**EXERCISE**
Locate the line containing "line L1 (295, 150) -> (405, 150)", then please write out that line and all the lines below it in the entries exactly.

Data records
#####
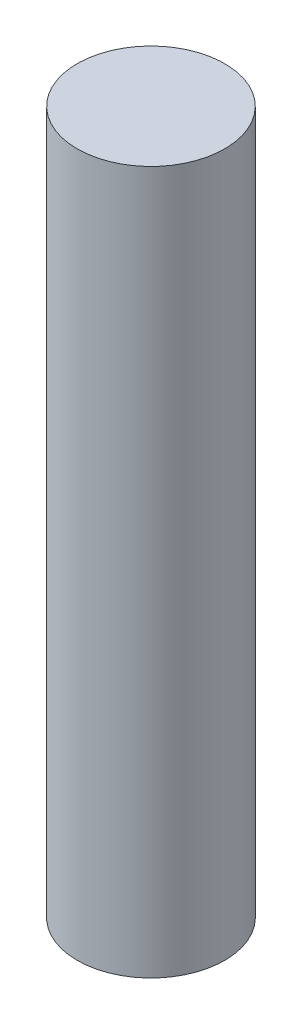
SolidWorks part; units mm, degrees
ref_plane "Front Plane" through (0, 0, 0) normal (0, 0, 1) x (1, 0, 0)
ref_plane "Top Plane" through (0, 0, 0) normal (0, 1, 0) x (1, 0, 0)
ref_plane "Right Plane" through (0, 0, 0) normal (1, 0, 0) x (0, 0, -1)
sketch "Sketch1" plane through (0, 0, 0) normal (0, 1, 0) x (1, 0, 0)
  circle A0 centre (0, 0) radius 2
  dimension "D1" = 4
extrude "Boss-Extrude1" add sketch "Sketch1" along normal blind 19.05
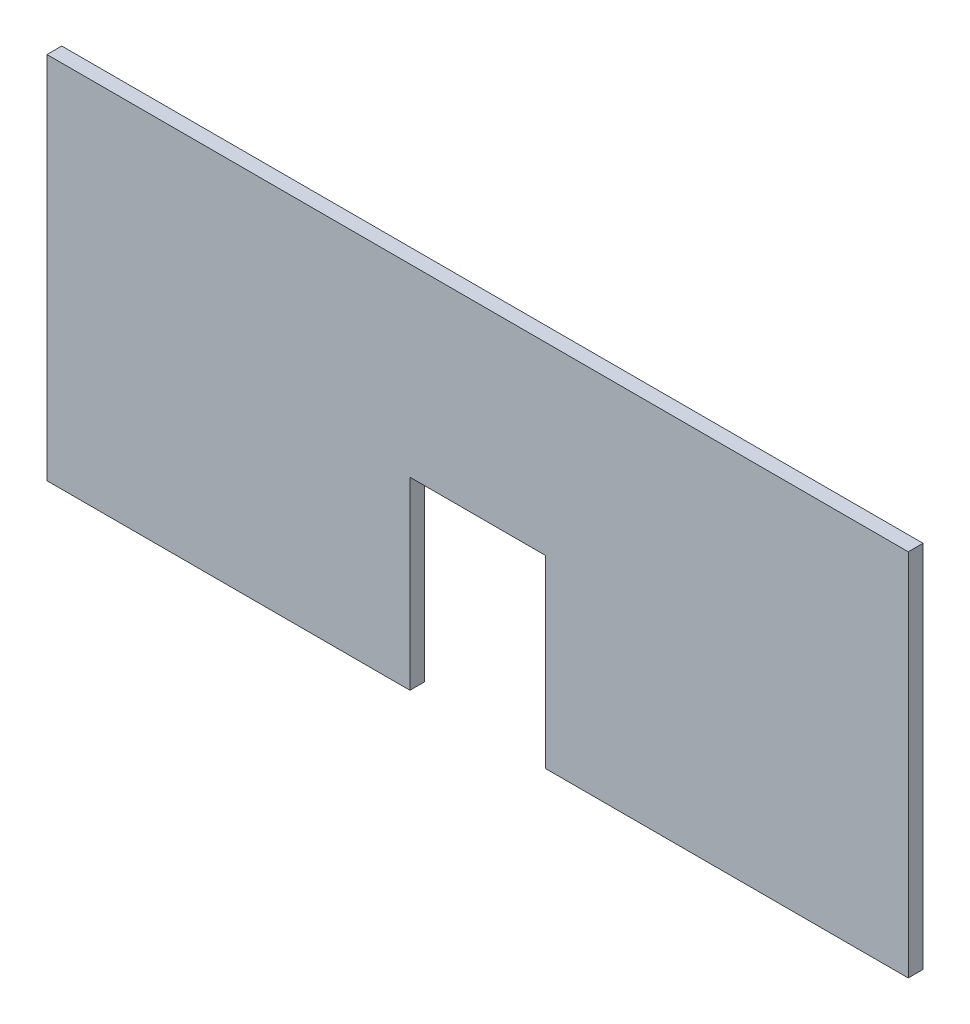
SolidWorks part; units mm, degrees
material "Plain Carbon Steel"
ref_plane "Front Plane" through (0, 0, 0) normal (0, 0, 1) x (1, 0, 0)
ref_plane "Top Plane" through (0, 0, 0) normal (0, 1, 0) x (1, 0, 0)
ref_plane "Right Plane" through (0, 0, 0) normal (1, 0, 0) x (0, 0, -1)
sketch "Sketch1" plane through (0, 0, 0) normal (0, 0, 1) x (1, 0, 0)
  line L0 (405, 0) -> (700, 0)
  line L1 (295, 150) -> (405, 150)
  line L2 (295, 150) -> (295, 0)
  line L4 (405, 150) -> (405, 0)
  line L5 (0, 300) -> (700, 300)
  line L6 (0, 300) -> (0, 0)
  line L7 (0, 0) -> (295, 0)
  line L8 (700, 300) -> (700, 0)
  dimension "D1" = 700
  dimension "D2" = 300
  dimension "D3" = 110
  dimension "D4" = 150
  dimension "D5" = 295
extrude "Boss-Extrude1" add sketch "Sketch1" along normal blind 12
#####
**EXERCISE ANSWER**
  line L1 (295, 150) -> (405, 150)
  line L2 (295, 150) -> (295, 0)
  line L4 (405, 150) -> (405, 0)
  line L5 (0, 300) -> (700, 300)
  line L6 (0, 300) -> (0, 0)
  line L7 (0, 0) -> (295, 0)
  line L8 (700, 300) -> (700, 0)
  dimension "D1" = 700
  dimension "D2" = 300
  dimension "D3" = 110
  dimension "D4" = 150
  dimension "D5" = 295
extrude "Boss-Extrude1" add sketch "Sketch1" along normal blind 12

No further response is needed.